Certainly one could be “more selective” than Carruth, whose 135 poets includes David Lawson, Patricia Low, William Anderson (a brilliant but little published African-American poet heavily influenced by his friendship with Jack Gilbert), Hy Sobiloff, Hyam Plutzik, Winfield Townley Scott & others whom one could argue about easily enough.¹ That of course is the logic that ultimately lets an anthologist represent the 18th century with just Alexander Pope – the 20th century reduced just to Gertrude Stein – but it’s a logic that ultimately leaves out too much of value for me to imagine pursuing. My first question whenever I open an anthology, really the first critical question that has to be asked, is invariably Who’s missing?

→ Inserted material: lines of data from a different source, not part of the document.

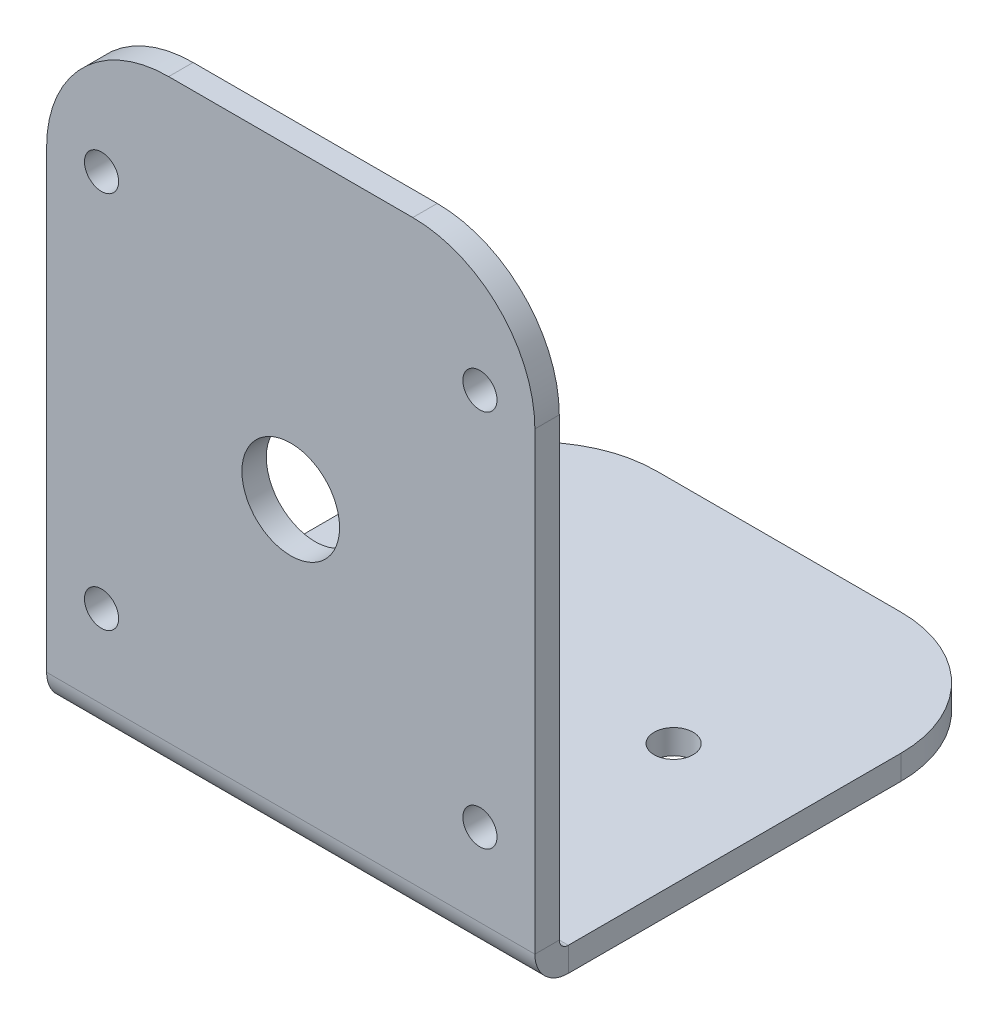
ISO-10303-21;
HEADER;
FILE_DESCRIPTION(('STEP AP214'),'2;1');
FILE_NAME('part.step','',(''),(''),'','','');
FILE_SCHEMA(('AUTOMOTIVE_DESIGN { 1 0 10303 214 1 1 1 1 }'));
ENDSEC;
DATA;
#1=APPLICATION_CONTEXT('core data for automotive mechanical design processes');
#2=APPLICATION_PROTOCOL_DEFINITION('international standard','automotive_design',2000,#1);
#3=PRODUCT_CONTEXT('',#1,'mechanical');
#4=PRODUCT('Part','Part','',(#3));
#5=PRODUCT_RELATED_PRODUCT_CATEGORY('part','',(#4));
#6=PRODUCT_DEFINITION_FORMATION('','',#4);
#7=PRODUCT_DEFINITION_CONTEXT('part definition',#1,'design');
#8=PRODUCT_DEFINITION('design','',#6,#7);
#9=PRODUCT_DEFINITION_SHAPE('','',#8);
#10=(LENGTH_UNIT() NAMED_UNIT(*) SI_UNIT(.MILLI.,.METRE.));
#11=(NAMED_UNIT(*) PLANE_ANGLE_UNIT() SI_UNIT($,.RADIAN.));
#12=(NAMED_UNIT(*) SI_UNIT($,.STERADIAN.) SOLID_ANGLE_UNIT());
#13=UNCERTAINTY_MEASURE_WITH_UNIT(LENGTH_MEASURE(1.E-05),#10,'distance_accuracy_value','');
#14=(GEOMETRIC_REPRESENTATION_CONTEXT(3) GLOBAL_UNCERTAINTY_ASSIGNED_CONTEXT((#13)) GLOBAL_UNIT_ASSIGNED_CONTEXT((#10,
#11,#12)) REPRESENTATION_CONTEXT('',''));
#15=CARTESIAN_POINT('',(0.,0.,0.));
#16=DIRECTION('',(0.,0.,1.));
#17=DIRECTION('',(1.,0.,0.));
#18=AXIS2_PLACEMENT_3D('',#15,#16,#17);
#19=CARTESIAN_POINT('',(-20.,25.,-2.));
#20=DIRECTION('',(-1.,0.,0.));
#21=DIRECTION('',(0.,-1.,0.));
#22=AXIS2_PLACEMENT_3D('',#19,#20,#21);
#23=PLANE('',#22);
#24=DIRECTION('',(0.,-1.,0.));
#25=VECTOR('',#24,1.);
#26=CARTESIAN_POINT('',(-20.,25.,0.));
#27=LINE('',#26,#25);
#28=CARTESIAN_POINT('',(-20.,15.,0.));
#29=VERTEX_POINT('',#28);
#30=CARTESIAN_POINT('',(-20.,-22.2634,0.));
#31=VERTEX_POINT('',#30);
#32=EDGE_CURVE('E219',#29,#31,#27,.T.);
#33=ORIENTED_EDGE('',*,*,#32,.F.);
#34=DIRECTION('',(0.,0.,1.));
#35=VECTOR('',#34,1.);
#36=CARTESIAN_POINT('',(-20.,15.,-2.));
#37=LINE('',#36,#35);
#38=CARTESIAN_POINT('',(-20.,15.,-2.));
#39=VERTEX_POINT('',#38);
#40=EDGE_CURVE('E78',#29,#39,#37,.F.);
#41=ORIENTED_EDGE('',*,*,#40,.T.);
#42=DIRECTION('',(0.,-1.,0.));
#43=VECTOR('',#42,1.);
#44=CARTESIAN_POINT('',(-20.,25.,-2.));
#45=LINE('',#44,#43);
#46=CARTESIAN_POINT('',(-20.,-22.2634,-2.));
#47=VERTEX_POINT('',#46);
#48=EDGE_CURVE('E222',#39,#47,#45,.T.);
#49=ORIENTED_EDGE('',*,*,#48,.T.);
#50=DIRECTION('',(0.,0.,1.));
#51=VECTOR('',#50,1.);
#52=CARTESIAN_POINT('',(-20.,-22.2634,-2.));
#53=LINE('',#52,#51);
#54=EDGE_CURVE('E204',#47,#31,#53,.T.);
#55=ORIENTED_EDGE('',*,*,#54,.T.);
#56=EDGE_LOOP('',(#33,#41,#49,#55));
#57=FACE_BOUND('',#56,.T.);
#58=ADVANCED_FACE('F55',(#57),#23,.T.);
#59=CARTESIAN_POINT('',(0.,0.,-2.));
#60=DIRECTION('',(0.,0.,1.));
#61=DIRECTION('',(1.,0.,0.));
#62=AXIS2_PLACEMENT_3D('',#59,#60,#61);
#63=PLANE('',#62);
#64=CARTESIAN_POINT('',(0.,0.,-2.));
#65=DIRECTION('',(0.,0.,-1.));
#66=DIRECTION('',(-1.,0.,0.));
#67=AXIS2_PLACEMENT_3D('',#64,#65,#66);
#68=CIRCLE('',#67,4.);
#69=CARTESIAN_POINT('',(-4.00000000000001,0.,-2.));
#70=VERTEX_POINT('',#69);
#71=EDGE_CURVE('E325',#70,#70,#68,.T.);
#72=ORIENTED_EDGE('',*,*,#71,.F.);
#73=EDGE_LOOP('',(#72));
#74=FACE_BOUND('',#73,.T.);
#75=CARTESIAN_POINT('',(15.5,-15.5,-2.));
#76=DIRECTION('',(0.,0.,-1.));
#77=DIRECTION('',(-1.,0.,0.));
#78=AXIS2_PLACEMENT_3D('',#75,#76,#77);
#79=CIRCLE('',#78,1.4);
#80=CARTESIAN_POINT('',(14.1,-15.5,-2.));
#81=VERTEX_POINT('',#80);
#82=EDGE_CURVE('E332',#81,#81,#79,.T.);
#83=ORIENTED_EDGE('',*,*,#82,.F.);
#84=EDGE_LOOP('',(#83));
#85=FACE_BOUND('',#84,.T.);
#86=CARTESIAN_POINT('',(-15.5,-15.5,-2.));
#87=DIRECTION('',(0.,0.,-1.));
#88=DIRECTION('',(-1.,0.,0.));
#89=AXIS2_PLACEMENT_3D('',#86,#87,#88);
#90=CIRCLE('',#89,1.4);
#91=CARTESIAN_POINT('',(-16.9,-15.5,-2.));
#92=VERTEX_POINT('',#91);
#93=EDGE_CURVE('E338',#92,#92,#90,.T.);
#94=ORIENTED_EDGE('',*,*,#93,.F.);
#95=EDGE_LOOP('',(#94));
#96=FACE_BOUND('',#95,.T.);
#97=CARTESIAN_POINT('',(-15.5,15.5,-2.));
#98=DIRECTION('',(0.,0.,-1.));
#99=DIRECTION('',(-1.,0.,0.));
#100=AXIS2_PLACEMENT_3D('',#97,#98,#99);
#101=CIRCLE('',#100,1.4);
#102=CARTESIAN_POINT('',(-16.9,15.5,-2.));
#103=VERTEX_POINT('',#102);
#104=EDGE_CURVE('E319',#103,#103,#101,.T.);
#105=ORIENTED_EDGE('',*,*,#104,.F.);
#106=EDGE_LOOP('',(#105));
#107=FACE_BOUND('',#106,.T.);
#108=CARTESIAN_POINT('',(15.5,15.5,-2.));
#109=DIRECTION('',(0.,0.,-1.));
#110=DIRECTION('',(-1.,0.,0.));
#111=AXIS2_PLACEMENT_3D('',#108,#109,#110);
#112=CIRCLE('',#111,1.4);
#113=CARTESIAN_POINT('',(14.1,15.5,-2.));
#114=VERTEX_POINT('',#113);
#115=EDGE_CURVE('E201',#114,#114,#112,.T.);
#116=ORIENTED_EDGE('',*,*,#115,.F.);
#117=EDGE_LOOP('',(#116));
#118=FACE_BOUND('',#117,.T.);
#119=ORIENTED_EDGE('',*,*,#48,.F.);
#120=CARTESIAN_POINT('',(-10.,15.,-2.));
#121=DIRECTION('',(0.,0.,1.));
#122=DIRECTION('',(1.,0.,0.));
#123=AXIS2_PLACEMENT_3D('',#120,#121,#122);
#124=CIRCLE('',#123,10.);
#125=CARTESIAN_POINT('',(-10.,25.,-2.));
#126=VERTEX_POINT('',#125);
#127=EDGE_CURVE('E63',#39,#126,#124,.F.);
#128=ORIENTED_EDGE('',*,*,#127,.T.);
#129=DIRECTION('',(-1.,0.,0.));
#130=VECTOR('',#129,1.);
#131=CARTESIAN_POINT('',(-20.,25.,-2.));
#132=LINE('',#131,#130);
#133=CARTESIAN_POINT('',(10.,25.,-2.));
#134=VERTEX_POINT('',#133);
#135=EDGE_CURVE('E218',#134,#126,#132,.T.);
#136=ORIENTED_EDGE('',*,*,#135,.F.);
#137=CARTESIAN_POINT('',(10.,15.,-2.));
#138=DIRECTION('',(0.,0.,1.));
#139=DIRECTION('',(1.,0.,0.));
#140=AXIS2_PLACEMENT_3D('',#137,#138,#139);
#141=CIRCLE('',#140,10.);
#142=CARTESIAN_POINT('',(20.,15.,-2.));
#143=VERTEX_POINT('',#142);
#144=EDGE_CURVE('E70',#134,#143,#141,.F.);
#145=ORIENTED_EDGE('',*,*,#144,.T.);
#146=DIRECTION('',(0.,1.,0.));
#147=VECTOR('',#146,1.);
#148=CARTESIAN_POINT('',(20.,25.,-2.));
#149=LINE('',#148,#147);
#150=CARTESIAN_POINT('',(20.,-22.2634,-2.));
#151=VERTEX_POINT('',#150);
#152=EDGE_CURVE('E216',#151,#143,#149,.T.);
#153=ORIENTED_EDGE('',*,*,#152,.F.);
#154=DIRECTION('',(-1.,0.,0.));
#155=VECTOR('',#154,1.);
#156=CARTESIAN_POINT('',(-20.,-22.2634,-2.));
#157=LINE('',#156,#155);
#158=EDGE_CURVE('E208',#47,#151,#157,.F.);
#159=ORIENTED_EDGE('',*,*,#158,.F.);
#160=EDGE_LOOP('',(#119,#128,#136,#145,#153,#159));
#161=FACE_BOUND('',#160,.T.);
#162=ADVANCED_FACE('F258',(#74,#85,#96,#107,#118,#161),#63,.F.);
#163=CARTESIAN_POINT('',(0.,0.,0.));
#164=DIRECTION('',(0.,0.,1.));
#165=DIRECTION('',(1.,0.,0.));
#166=AXIS2_PLACEMENT_3D('',#163,#164,#165);
#167=PLANE('',#166);
#168=CARTESIAN_POINT('',(0.,0.,0.));
#169=DIRECTION('',(0.,0.,1.));
#170=DIRECTION('',(1.,0.,0.));
#171=AXIS2_PLACEMENT_3D('',#168,#169,#170);
#172=CIRCLE('',#171,4.);
#173=CARTESIAN_POINT('',(3.99999999999999,0.,0.));
#174=VERTEX_POINT('',#173);
#175=EDGE_CURVE('E322',#174,#174,#172,.F.);
#176=ORIENTED_EDGE('',*,*,#175,.T.);
#177=EDGE_LOOP('',(#176));
#178=FACE_BOUND('',#177,.T.);
#179=CARTESIAN_POINT('',(15.5,-15.5,0.));
#180=DIRECTION('',(0.,0.,1.));
#181=DIRECTION('',(1.,0.,0.));
#182=AXIS2_PLACEMENT_3D('',#179,#180,#181);
#183=CIRCLE('',#182,1.4);
#184=CARTESIAN_POINT('',(16.9,-15.5,0.));
#185=VERTEX_POINT('',#184);
#186=EDGE_CURVE('E329',#185,#185,#183,.F.);
#187=ORIENTED_EDGE('',*,*,#186,.T.);
#188=EDGE_LOOP('',(#187));
#189=FACE_BOUND('',#188,.T.);
#190=CARTESIAN_POINT('',(-15.5,-15.5,0.));
#191=DIRECTION('',(0.,0.,1.));
#192=DIRECTION('',(1.,0.,0.));
#193=AXIS2_PLACEMENT_3D('',#190,#191,#192);
#194=CIRCLE('',#193,1.4);
#195=CARTESIAN_POINT('',(-14.1,-15.5,0.));
#196=VERTEX_POINT('',#195);
#197=EDGE_CURVE('E335',#196,#196,#194,.F.);
#198=ORIENTED_EDGE('',*,*,#197,.T.);
#199=EDGE_LOOP('',(#198));
#200=FACE_BOUND('',#199,.T.);
#201=CARTESIAN_POINT('',(-15.5,15.5,0.));
#202=DIRECTION('',(0.,0.,1.));
#203=DIRECTION('',(1.,0.,0.));
#204=AXIS2_PLACEMENT_3D('',#201,#202,#203);
#205=CIRCLE('',#204,1.4);
#206=CARTESIAN_POINT('',(-14.1,15.5,0.));
#207=VERTEX_POINT('',#206);
#208=EDGE_CURVE('E341',#207,#207,#205,.F.);
#209=ORIENTED_EDGE('',*,*,#208,.T.);
#210=EDGE_LOOP('',(#209));
#211=FACE_BOUND('',#210,.T.);
#212=CARTESIAN_POINT('',(15.5,15.5,0.));
#213=DIRECTION('',(0.,0.,1.));
#214=DIRECTION('',(1.,0.,0.));
#215=AXIS2_PLACEMENT_3D('',#212,#213,#214);
#216=CIRCLE('',#215,1.4);
#217=CARTESIAN_POINT('',(16.9,15.5,0.));
#218=VERTEX_POINT('',#217);
#219=EDGE_CURVE('E316',#218,#218,#216,.F.);
#220=ORIENTED_EDGE('',*,*,#219,.T.);
#221=EDGE_LOOP('',(#220));
#222=FACE_BOUND('',#221,.T.);
#223=DIRECTION('',(-1.,0.,0.));
#224=VECTOR('',#223,1.);
#225=CARTESIAN_POINT('',(-20.,25.,0.));
#226=LINE('',#225,#224);
#227=CARTESIAN_POINT('',(10.,25.,0.));
#228=VERTEX_POINT('',#227);
#229=CARTESIAN_POINT('',(-10.,25.,0.));
#230=VERTEX_POINT('',#229);
#231=EDGE_CURVE('E227',#228,#230,#226,.T.);
#232=ORIENTED_EDGE('',*,*,#231,.T.);
#233=CARTESIAN_POINT('',(-10.,15.,0.));
#234=DIRECTION('',(0.,0.,1.));
#235=DIRECTION('',(1.,0.,0.));
#236=AXIS2_PLACEMENT_3D('',#233,#234,#235);
#237=CIRCLE('',#236,10.);
#238=EDGE_CURVE('E254',#230,#29,#237,.T.);
#239=ORIENTED_EDGE('',*,*,#238,.T.);
#240=ORIENTED_EDGE('',*,*,#32,.T.);
#241=DIRECTION('',(-1.,0.,0.));
#242=VECTOR('',#241,1.);
#243=CARTESIAN_POINT('',(-20.,-22.2634,0.));
#244=LINE('',#243,#242);
#245=CARTESIAN_POINT('',(20.,-22.2634,0.));
#246=VERTEX_POINT('',#245);
#247=EDGE_CURVE('E155',#31,#246,#244,.F.);
#248=ORIENTED_EDGE('',*,*,#247,.T.);
#249=DIRECTION('',(0.,1.,0.));
#250=VECTOR('',#249,1.);
#251=CARTESIAN_POINT('',(20.,25.,0.));
#252=LINE('',#251,#250);
#253=CARTESIAN_POINT('',(20.,15.,0.));
#254=VERTEX_POINT('',#253);
#255=EDGE_CURVE('E214',#246,#254,#252,.T.);
#256=ORIENTED_EDGE('',*,*,#255,.T.);
#257=CARTESIAN_POINT('',(10.,15.,0.));
#258=DIRECTION('',(0.,0.,1.));
#259=DIRECTION('',(1.,0.,0.));
#260=AXIS2_PLACEMENT_3D('',#257,#258,#259);
#261=CIRCLE('',#260,10.);
#262=EDGE_CURVE('E252',#254,#228,#261,.T.);
#263=ORIENTED_EDGE('',*,*,#262,.T.);
#264=EDGE_LOOP('',(#232,#239,#240,#248,#256,#263));
#265=FACE_BOUND('',#264,.T.);
#266=ADVANCED_FACE('F268',(#178,#189,#200,#211,#222,#265),#167,.T.);
#267=CARTESIAN_POINT('',(20.,25.,-2.));
#268=DIRECTION('',(1.,0.,0.));
#269=DIRECTION('',(0.,1.,0.));
#270=AXIS2_PLACEMENT_3D('',#267,#268,#269);
#271=PLANE('',#270);
#272=ORIENTED_EDGE('',*,*,#152,.T.);
#273=DIRECTION('',(0.,0.,1.));
#274=VECTOR('',#273,1.);
#275=CARTESIAN_POINT('',(20.,15.,-2.));
#276=LINE('',#275,#274);
#277=EDGE_CURVE('E13',#143,#254,#276,.T.);
#278=ORIENTED_EDGE('',*,*,#277,.T.);
#279=ORIENTED_EDGE('',*,*,#255,.F.);
#280=DIRECTION('',(0.,0.,1.));
#281=VECTOR('',#280,1.);
#282=CARTESIAN_POINT('',(20.,-22.2634,-2.));
#283=LINE('',#282,#281);
#284=EDGE_CURVE('E211',#151,#246,#283,.T.);
#285=ORIENTED_EDGE('',*,*,#284,.F.);
#286=EDGE_LOOP('',(#272,#278,#279,#285));
#287=FACE_BOUND('',#286,.T.);
#288=ADVANCED_FACE('F276',(#287),#271,.T.);
#289=CARTESIAN_POINT('',(-20.,25.,-2.));
#290=DIRECTION('',(0.,1.,0.));
#291=DIRECTION('',(0.,0.,1.));
#292=AXIS2_PLACEMENT_3D('',#289,#290,#291);
#293=PLANE('',#292);
#294=ORIENTED_EDGE('',*,*,#135,.T.);
#295=DIRECTION('',(0.,0.,1.));
#296=VECTOR('',#295,1.);
#297=CARTESIAN_POINT('',(-10.,25.,-2.));
#298=LINE('',#297,#296);
#299=EDGE_CURVE('E249',#126,#230,#298,.T.);
#300=ORIENTED_EDGE('',*,*,#299,.T.);
#301=ORIENTED_EDGE('',*,*,#231,.F.);
#302=DIRECTION('',(0.,0.,1.));
#303=VECTOR('',#302,1.);
#304=CARTESIAN_POINT('',(10.,25.,-2.));
#305=LINE('',#304,#303);
#306=EDGE_CURVE('E247',#228,#134,#305,.F.);
#307=ORIENTED_EDGE('',*,*,#306,.T.);
#308=EDGE_LOOP('',(#294,#300,#301,#307));
#309=FACE_BOUND('',#308,.T.);
#310=ADVANCED_FACE('F263',(#309),#293,.T.);
#311=CARTESIAN_POINT('',(20.,-22.2634,-2.7366));
#312=DIRECTION('',(1.,0.,0.));
#313=DIRECTION('',(0.,0.,-1.));
#314=AXIS2_PLACEMENT_3D('',#311,#312,#313);
#315=PLANE('',#314);
#316=DIRECTION('',(0.,1.,0.));
#317=VECTOR('',#316,1.);
#318=CARTESIAN_POINT('',(20.,-25.,-2.73659999999999));
#319=LINE('',#318,#317);
#320=CARTESIAN_POINT('',(20.,-23.,-2.7366));
#321=VERTEX_POINT('',#320);
#322=CARTESIAN_POINT('',(20.,-25.,-2.73659999999999));
#323=VERTEX_POINT('',#322);
#324=EDGE_CURVE('E198',#321,#323,#319,.F.);
#325=ORIENTED_EDGE('',*,*,#324,.F.);
#326=CARTESIAN_POINT('',(20.,-22.2634,-2.7366));
#327=DIRECTION('',(-1.,0.,0.));
#328=DIRECTION('',(0.,0.,1.));
#329=AXIS2_PLACEMENT_3D('',#326,#327,#328);
#330=CIRCLE('',#329,0.7366);
#331=EDGE_CURVE('E159',#151,#321,#330,.F.);
#332=ORIENTED_EDGE('',*,*,#331,.F.);
#333=ORIENTED_EDGE('',*,*,#284,.T.);
#334=CARTESIAN_POINT('',(20.,-22.2634,-2.7366));
#335=DIRECTION('',(-1.,0.,0.));
#336=DIRECTION('',(0.,0.,1.));
#337=AXIS2_PLACEMENT_3D('',#334,#335,#336);
#338=CIRCLE('',#337,2.7366);
#339=EDGE_CURVE('E203',#246,#323,#338,.F.);
#340=ORIENTED_EDGE('',*,*,#339,.T.);
#341=EDGE_LOOP('',(#325,#332,#333,#340));
#342=FACE_BOUND('',#341,.T.);
#343=ADVANCED_FACE('F295',(#342),#315,.T.);
#344=CARTESIAN_POINT('',(-20.,-22.2634,-2.7366));
#345=DIRECTION('',(1.,0.,0.));
#346=DIRECTION('',(0.,0.,-1.));
#347=AXIS2_PLACEMENT_3D('',#344,#345,#346);
#348=PLANE('',#347);
#349=CARTESIAN_POINT('',(-20.,-22.2634,-2.7366));
#350=DIRECTION('',(-1.,0.,0.));
#351=DIRECTION('',(0.,0.,1.));
#352=AXIS2_PLACEMENT_3D('',#349,#350,#351);
#353=CIRCLE('',#352,0.7366);
#354=CARTESIAN_POINT('',(-20.,-23.,-2.7366));
#355=VERTEX_POINT('',#354);
#356=EDGE_CURVE('E166',#355,#47,#353,.T.);
#357=ORIENTED_EDGE('',*,*,#356,.F.);
#358=DIRECTION('',(0.,1.,0.));
#359=VECTOR('',#358,1.);
#360=CARTESIAN_POINT('',(-20.,-23.,-2.7366));
#361=LINE('',#360,#359);
#362=CARTESIAN_POINT('',(-20.,-25.,-2.73659999999999));
#363=VERTEX_POINT('',#362);
#364=EDGE_CURVE('E163',#355,#363,#361,.F.);
#365=ORIENTED_EDGE('',*,*,#364,.T.);
#366=CARTESIAN_POINT('',(-20.,-22.2634,-2.7366));
#367=DIRECTION('',(-1.,0.,0.));
#368=DIRECTION('',(0.,0.,1.));
#369=AXIS2_PLACEMENT_3D('',#366,#367,#368);
#370=CIRCLE('',#369,2.7366);
#371=EDGE_CURVE('E148',#363,#31,#370,.T.);
#372=ORIENTED_EDGE('',*,*,#371,.T.);
#373=ORIENTED_EDGE('',*,*,#54,.F.);
#374=EDGE_LOOP('',(#357,#365,#372,#373));
#375=FACE_BOUND('',#374,.T.);
#376=ADVANCED_FACE('F164',(#375),#348,.F.);
#377=CARTESIAN_POINT('',(-20.,-22.2634,-2.7366));
#378=DIRECTION('',(-1.,0.,0.));
#379=DIRECTION('',(0.,-1.,0.));
#380=AXIS2_PLACEMENT_3D('',#377,#378,#379);
#381=CYLINDRICAL_SURFACE('',#380,2.7366);
#382=ORIENTED_EDGE('',*,*,#247,.F.);
#383=ORIENTED_EDGE('',*,*,#371,.F.);
#384=DIRECTION('',(-1.,0.,0.));
#385=VECTOR('',#384,1.);
#386=CARTESIAN_POINT('',(20.,-25.,-2.73659999999999));
#387=LINE('',#386,#385);
#388=EDGE_CURVE('E152',#363,#323,#387,.F.);
#389=ORIENTED_EDGE('',*,*,#388,.T.);
#390=ORIENTED_EDGE('',*,*,#339,.F.);
#391=EDGE_LOOP('',(#382,#383,#389,#390));
#392=FACE_BOUND('',#391,.T.);
#393=ADVANCED_FACE('F150',(#392),#381,.T.);
#394=CARTESIAN_POINT('',(-20.,-22.2634,-2.7366));
#395=DIRECTION('',(-1.,0.,0.));
#396=DIRECTION('',(0.,-1.,0.));
#397=AXIS2_PLACEMENT_3D('',#394,#395,#396);
#398=CYLINDRICAL_SURFACE('',#397,0.7366);
#399=ORIENTED_EDGE('',*,*,#158,.T.);
#400=ORIENTED_EDGE('',*,*,#331,.T.);
#401=DIRECTION('',(-1.,0.,0.));
#402=VECTOR('',#401,1.);
#403=CARTESIAN_POINT('',(20.,-23.,-2.7366));
#404=LINE('',#403,#402);
#405=EDGE_CURVE('E171',#321,#355,#404,.T.);
#406=ORIENTED_EDGE('',*,*,#405,.T.);
#407=ORIENTED_EDGE('',*,*,#356,.T.);
#408=EDGE_LOOP('',(#399,#400,#406,#407));
#409=FACE_BOUND('',#408,.T.);
#410=ADVANCED_FACE('F270',(#409),#398,.F.);
#411=CARTESIAN_POINT('',(-20.,-25.0000000000001,-40.));
#412=DIRECTION('',(1.,0.,0.));
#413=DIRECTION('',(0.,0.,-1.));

And anything under 3,000 pages for the 20th century United States would get to embarrassing exclusions pretty damn fast.

So, like the Baseball Encyclopedia & its competitors (Total Baseball) that were driven out simply by the scale of what had to be done, a decent anthology of 20th century American poetry is the sort of thing that maybe can happen only on the web. If then.

 

¹ Carruth also noted that he was unable to get permission to use the work of Laura (Riding) Jackson.